Provided data.
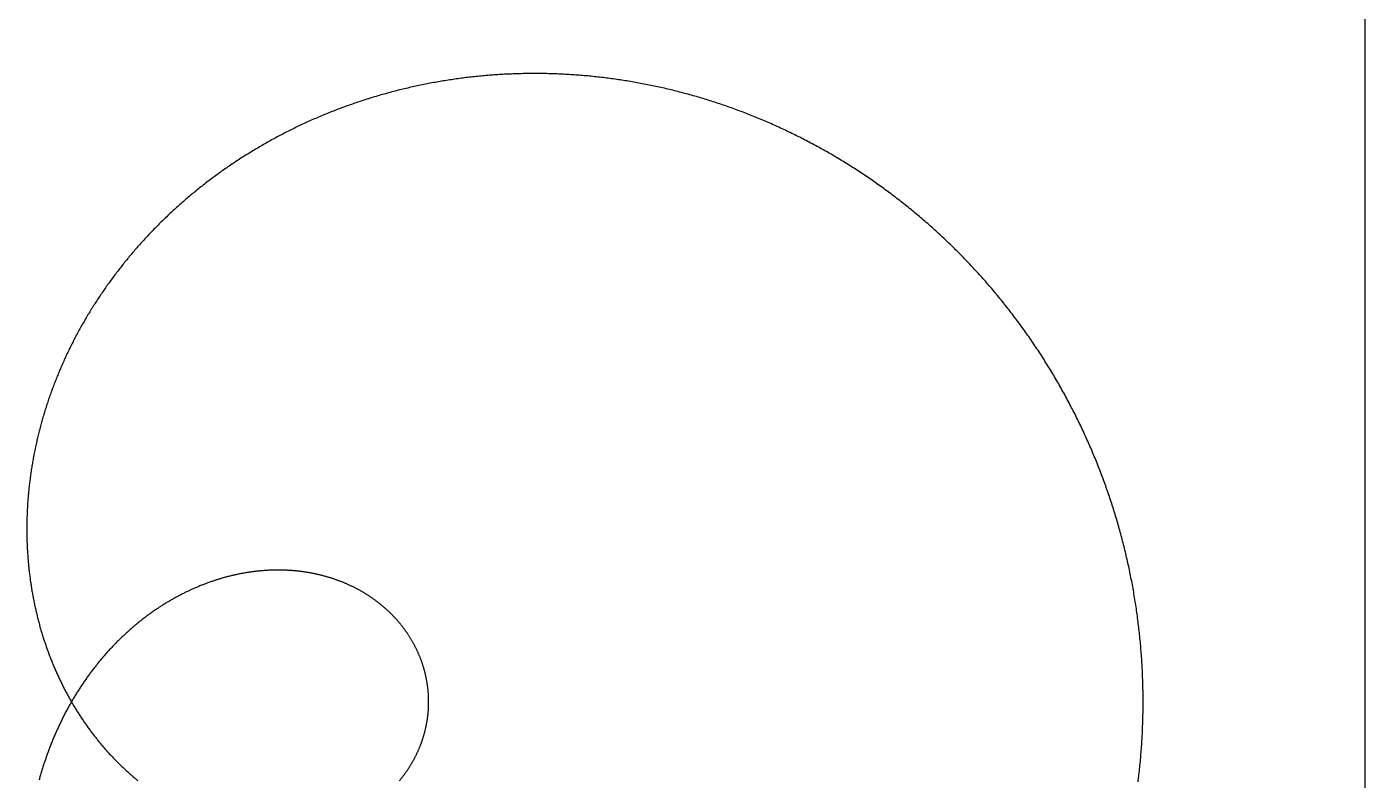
# Model space of a CAD drawing. Header units: metres. Extents: x 0 to 80, y 0 to 80.
# Drawn here: x 57.13 to 80, y 38.66 to 51.54 of the extents above; entities that cross this region are included whole.
import ezdxf

# ---------------------------------------------------------------- set-up
doc = ezdxf.new("R2010")
doc.units = ezdxf.units.M

msp = doc.modelspace()

# ---------------------------------------------------------------- linework, layer by layer
msp.add_line((80, 0), (80, 80))
at = {"layer": 'ENGRAVE'}
for points in [[(76.118854, 38.629493), (76.122793, 38.661192), (76.12664, 38.692903), (76.130395, 38.724626), (76.134058, 38.756361), (76.137628, 38.788107), (76.141106, 38.819864), (76.144492, 38.851632), (76.147785, 38.88341), (76.150986, 38.915199), (76.154095, 38.946997), (76.157111, 38.978805), (76.160035, 39.010622), (76.162866, 39.042449), (76.165605, 39.074284), (76.168251, 39.106128), (76.170804, 39.137979), (76.173265, 39.169839), (76.175633, 39.201706), (76.177909, 39.233581), (76.180091, 39.265462), (76.182182, 39.297351), (76.184179, 39.329245), (76.186083, 39.361146), (76.187895, 39.393053), (76.189614, 39.424965), (76.19124, 39.456882), (76.192774, 39.488805), (76.194214, 39.520732), (76.195562, 39.552663), (76.196817, 39.584599), (76.197979, 39.616538), (76.199048, 39.648481), (76.200024, 39.680427), (76.200907, 39.712376), (76.201697, 39.744328), (76.202394, 39.776282), (76.202998, 39.808238), (76.20351, 39.840195), (76.203928, 39.872154), (76.204253, 39.904115), (76.204486, 39.936076), (76.204625, 39.968038), (76.204672, 40), (76.204625, 40.031962), (76.204486, 40.063924), (76.204253, 40.095885), (76.203928, 40.127846), (76.20351, 40.159805), (76.202998, 40.191762), (76.202394, 40.223718), (76.201697, 40.255672), (76.200907, 40.287624), (76.200024, 40.319573), (76.199048, 40.351519), (76.197979, 40.383462), (76.196817, 40.415401), (76.195562, 40.447337), (76.194214, 40.479268), (76.192774, 40.511195), (76.19124, 40.543118), (76.189614, 40.575035), (76.187895, 40.606947), (76.186083, 40.638854), (76.184179, 40.670755), (76.182182, 40.702649), (76.180091, 40.734538), (76.177909, 40.766419), (76.175633, 40.798294), (76.173265, 40.830161), (76.170804, 40.862021), (76.168251, 40.893872), (76.165605, 40.925716), (76.162866, 40.957551), (76.160035, 40.989378), (76.157111, 41.021195), (76.154095, 41.053003), (76.150986, 41.084801), (76.147785, 41.11659), (76.144492, 41.148368), (76.141106, 41.180136), (76.137628, 41.211893), (76.134058, 41.243639), (76.130395, 41.275374), (76.12664, 41.307097), (76.122793, 41.338808), (76.118854, 41.370507), (76.114823, 41.402193), (76.1107, 41.433866), (76.106485, 41.465527), (76.102178, 41.497174), (76.097778, 41.528807), (76.093287, 41.560426), (76.088705, 41.592032), (76.08403, 41.623622), (76.079264, 41.655198), (76.074406, 41.686759), (76.069456, 41.718304), (76.064415, 41.749833), (76.059282, 41.781347), (76.054058, 41.812844), (76.048743, 41.844325), (76.043336, 41.875789), (76.037838, 41.907236), (76.032248, 41.938665), (76.026567, 41.970077), (76.020796, 42.001471), (76.014933, 42.032846), (76.008979, 42.064203), (76.002934, 42.095541), (75.996798, 42.12686), (75.990572, 42.15816), (75.984255, 42.18944), (75.977847, 42.2207), (75.971348, 42.251939), (75.964759, 42.283158), (75.958079, 42.314357), (75.951309, 42.345534), (75.944449, 42.376689), (75.937498, 42.407824), (75.930457, 42.438936), (75.923326, 42.470026), (75.916105, 42.501093), (75.908794, 42.532137), (75.901393, 42.563159), (75.893902, 42.594157), (75.886321, 42.625131), (75.878651, 42.656082), (75.870891, 42.687008), (75.863042, 42.71791), (75.855103, 42.748787), (75.847075, 42.779639), (75.838957, 42.810465), (75.830751, 42.841266), (75.822455, 42.872042), (75.81407, 42.902791), (75.805596, 42.933513), (75.797034, 42.964209), (75.788382, 42.994878), (75.779642, 43.025519), (75.770814, 43.056133), (75.761897, 43.086719), (75.752891, 43.117277), (75.743798, 43.147806), (75.734616, 43.178307), (75.725346, 43.208779), (75.715988, 43.239222), (75.706542, 43.269635), (75.697008, 43.300019), (75.687386, 43.330372), (75.677677, 43.360695), (75.66788, 43.390988), (75.657996, 43.421249), (75.648025, 43.45148), (75.637966, 43.481679), (75.627821, 43.511846), (75.617588, 43.541982), (75.607268, 43.572085), (75.596862, 43.602156), (75.586369, 43.632194), (75.575789, 43.662199), (75.565123, 43.69217), (75.55437, 43.722108), (75.543531, 43.752013), (75.532606, 43.781883), (75.521595, 43.811718), (75.510498, 43.841519), (75.499316, 43.871285), (75.488047, 43.901016), (75.476693, 43.930712), (75.465254, 43.960371), (75.453729, 43.989995), (75.44212, 44.019583), (75.430425, 44.049134), (75.418645, 44.078648), (75.40678, 44.108125), (75.39483, 44.137565), (75.382796, 44.166967), (75.370677, 44.196331), (75.358474, 44.225657), (75.346187, 44.254945), (75.333816, 44.284195), (75.321361, 44.313405), (75.308822, 44.342576), (75.296199, 44.371708), (75.283492, 44.4008), (75.270702, 44.429852), (75.257829, 44.458864), (75.244873, 44.487836), (75.231833, 44.516766), (75.218711, 44.545656), (75.205506, 44.574505), (75.192218, 44.603312), (75.178848, 44.632077), (75.165395, 44.660801), (75.15186, 44.689482), (75.138243, 44.71812), (75.124544, 44.746716), (75.110763, 44.775269), (75.096901, 44.803778), (75.082957, 44.832244), (75.068931, 44.860667), (75.054825, 44.889045), (75.040637, 44.917379), (75.026368, 44.945668), (75.012019, 44.973912), (74.997589, 45.002112), (74.983078, 45.030266), (74.968487, 45.058375), (74.953816, 45.086438), (74.939065, 45.114454), (74.924233, 45.142425), (74.909322, 45.170349), (74.894332, 45.198226), (74.879262, 45.226056), (74.864113, 45.253839), (74.848884, 45.281575), (74.833577, 45.309262), (74.818191, 45.336902), (74.802726, 45.364493), (74.787182, 45.392036), (74.771561, 45.41953), (74.755861, 45.446975), (74.740083, 45.474371), (74.724227, 45.501718), (74.708294, 45.529015), (74.692283, 45.556261), (74.676194, 45.583458), (74.660029, 45.610604), (74.643786, 45.6377), (74.627467, 45.664744), (74.61107, 45.691738), (74.594598, 45.71868), (74.578049, 45.745571), (74.561423, 45.772409), (74.544722, 45.799196), (74.527945, 45.82593), (74.511092, 45.852612), (74.494164, 45.879241), (74.47716, 45.905817), (74.460081, 45.932339), (74.442927, 45.958808), (74.425699, 45.985224), (74.408396, 46.011586), (74.391018, 46.037893), (74.373566, 46.064146), (74.35604, 46.090344), (74.33844, 46.116488), (74.320766, 46.142576), (74.303019, 46.168609), (74.285198, 46.194587), (74.267305, 46.220509), (74.249338, 46.246374), (74.231298, 46.272184), (74.213186, 46.297937), (74.195001, 46.323634), (74.176744, 46.349273), (74.158415, 46.374856), (74.140014, 46.400381), (74.121542, 46.425849), (74.102997, 46.451259), (74.084382, 46.476611), (74.065695, 46.501904), (74.046938, 46.52714), (74.028109, 46.552316), (74.009211, 46.577434), (73.990241, 46.602493), (73.971202, 46.627492), (73.952093, 46.652432), (73.932914, 46.677313), (73.913665, 46.702133), (73.894347, 46.726893), (73.87496, 46.751593), (73.855504, 46.776233), (73.835979, 46.800811), (73.816385, 46.825329), (73.796723, 46.849785), (73.776993, 46.87418), (73.757195, 46.898513), (73.737329, 46.922785), (73.717395, 46.946994), (73.697394, 46.971142), (73.677326, 46.995227), (73.657191, 47.019249), (73.63699, 47.043208), (73.616721, 47.067105), (73.596387, 47.090938), (73.575986, 47.114708), (73.555519, 47.138414), (73.534987, 47.162056), (73.514389, 47.185634), (73.493726, 47.209148), (73.472997, 47.232597), (73.452204, 47.255982), (73.431346, 47.279302), (73.410424, 47.302557), (73.389437, 47.325747), (73.368387, 47.348871), (73.347273, 47.37193), (73.326095, 47.394923), (73.304853, 47.41785), (73.283549, 47.44071), (73.262181, 47.463505), (73.240751, 47.486232), (73.219258, 47.508893), (73.197703, 47.531487), (73.176086, 47.554014), (73.154408, 47.576474), (73.132667, 47.598866), (73.110865, 47.62119), (73.089002, 47.643447), (73.067078, 47.665635), (73.045093, 47.687755), (73.023048, 47.709807), (73.000942, 47.73179), (72.978777, 47.753704), (72.956551, 47.77555), (72.934266, 47.797326), (72.911922, 47.819032), (72.889518, 47.84067), (72.867056, 47.862237), (72.844534, 47.883735), (72.821955, 47.905163), (72.799317, 47.92652), (72.776621, 47.947807), (72.753867, 47.969024), (72.731056, 47.99017), (72.708187, 48.011245), (72.685261, 48.032248), (72.662279, 48.053181), (72.63924, 48.074042), (72.616144, 48.094832), (72.592993, 48.115549), (72.569785, 48.136195), (72.546522, 48.156769), (72.523203, 48.17727), (72.499829, 48.1977), (72.4764, 48.218056), (72.452916, 48.23834), (72.429378, 48.258551), (72.405786, 48.278688), (72.382139, 48.298753), (72.358439, 48.318744), (72.334686, 48.338662), (72.310879, 48.358505), (72.287019, 48.378275), (72.263106, 48.397971), (72.23914, 48.417593), (72.215123, 48.437141), (72.191053, 48.456613), (72.166931, 48.476012), (72.142758, 48.495335), (72.118533, 48.514584), (72.094257, 48.533757), (72.069931, 48.552856), (72.045554, 48.571878), (72.021126, 48.590826), (71.996648, 48.609697), (71.972121, 48.628493), (71.947544, 48.647213), (71.922917, 48.665856), (71.898242, 48.684424), (71.873517, 48.702914), (71.848744, 48.721329), (71.823922, 48.739666), (71.799053, 48.757927), (71.774135, 48.776111), (71.74917, 48.794218), (71.724157, 48.812247), (71.699098, 48.830199), (71.673991, 48.848074), (71.648838, 48.86587), (71.623639, 48.883589), (71.598393, 48.90123), (71.573102, 48.918793), (71.547765, 48.936278), (71.522382, 48.953685), (71.496955, 48.971013), (71.471483, 48.988262), (71.445966, 49.005433), (71.420405, 49.022524), (71.394799, 49.039537), (71.36915, 49.056471), (71.343458, 49.073325), (71.317722, 49.0901), (71.291943, 49.106796), (71.266122, 49.123412), (71.240258, 49.139948), (71.214351, 49.156404), (71.188403, 49.172781), (71.162413, 49.189077), (71.136382, 49.205293), (71.110309, 49.221429), (71.084195, 49.237484), (71.058041, 49.253459), (71.031846, 49.269353), (71.005611, 49.285167), (70.979337, 49.300899), (70.953022, 49.316551), (70.926669, 49.332121), (70.900276, 49.34761), (70.873844, 49.363018), (70.847374, 49.378344), (70.820866, 49.393589), (70.794319, 49.408752), (70.767735, 49.423833), (70.741113, 49.438832), (70.714454, 49.45375), (70.687758, 49.468585), (70.661026, 49.483338), (70.634257, 49.498009), (70.607451, 49.512597), (70.58061, 49.527103), (70.553734, 49.541527), (70.526822, 49.555867), (70.499874, 49.570125), (70.472892, 49.5843), (70.445876, 49.598392), (70.418825, 49.612401), (70.39174, 49.626327), (70.364622, 49.640169), (70.33747, 49.653929), (70.310285, 49.667604), (70.283067, 49.681196), (70.255816, 49.694705), (70.228533, 49.70813), (70.201217, 49.721471), (70.17387, 49.734728), (70.146492, 49.747901), (70.119082, 49.760991), (70.091641, 49.773996), (70.064169, 49.786917), (70.036667, 49.799753), (70.009135, 49.812505), (69.981573, 49.825173), (69.953981, 49.837756), (69.92636, 49.850255), (69.898709, 49.862669), (69.87103, 49.874998), (69.843323, 49.887242), (69.815587, 49.899401), (69.787823, 49.911476), (69.760031, 49.923465), (69.732212, 49.935369), (69.704366, 49.947188), (69.676493, 49.958922), (69.648593, 49.97057), (69.620667, 49.982133), (69.592715, 49.993611), (69.564737, 50.005003), (69.536734, 50.016309), (69.508705, 50.02753), (69.480652, 50.038665), (69.452573, 50.049714), (69.424471, 50.060677), (69.396344, 50.071555), (69.368194, 50.082346), (69.34002, 50.093051), (69.311822, 50.103671), (69.283602, 50.114204), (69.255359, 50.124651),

Activity. Identify the lines above with the word "units". Copy them.

Exercise response.
# Model space of a CAD drawing. Header units: metres. Extents: x 0 to 80, y 0 to 80.
doc.units = ezdxf.units.M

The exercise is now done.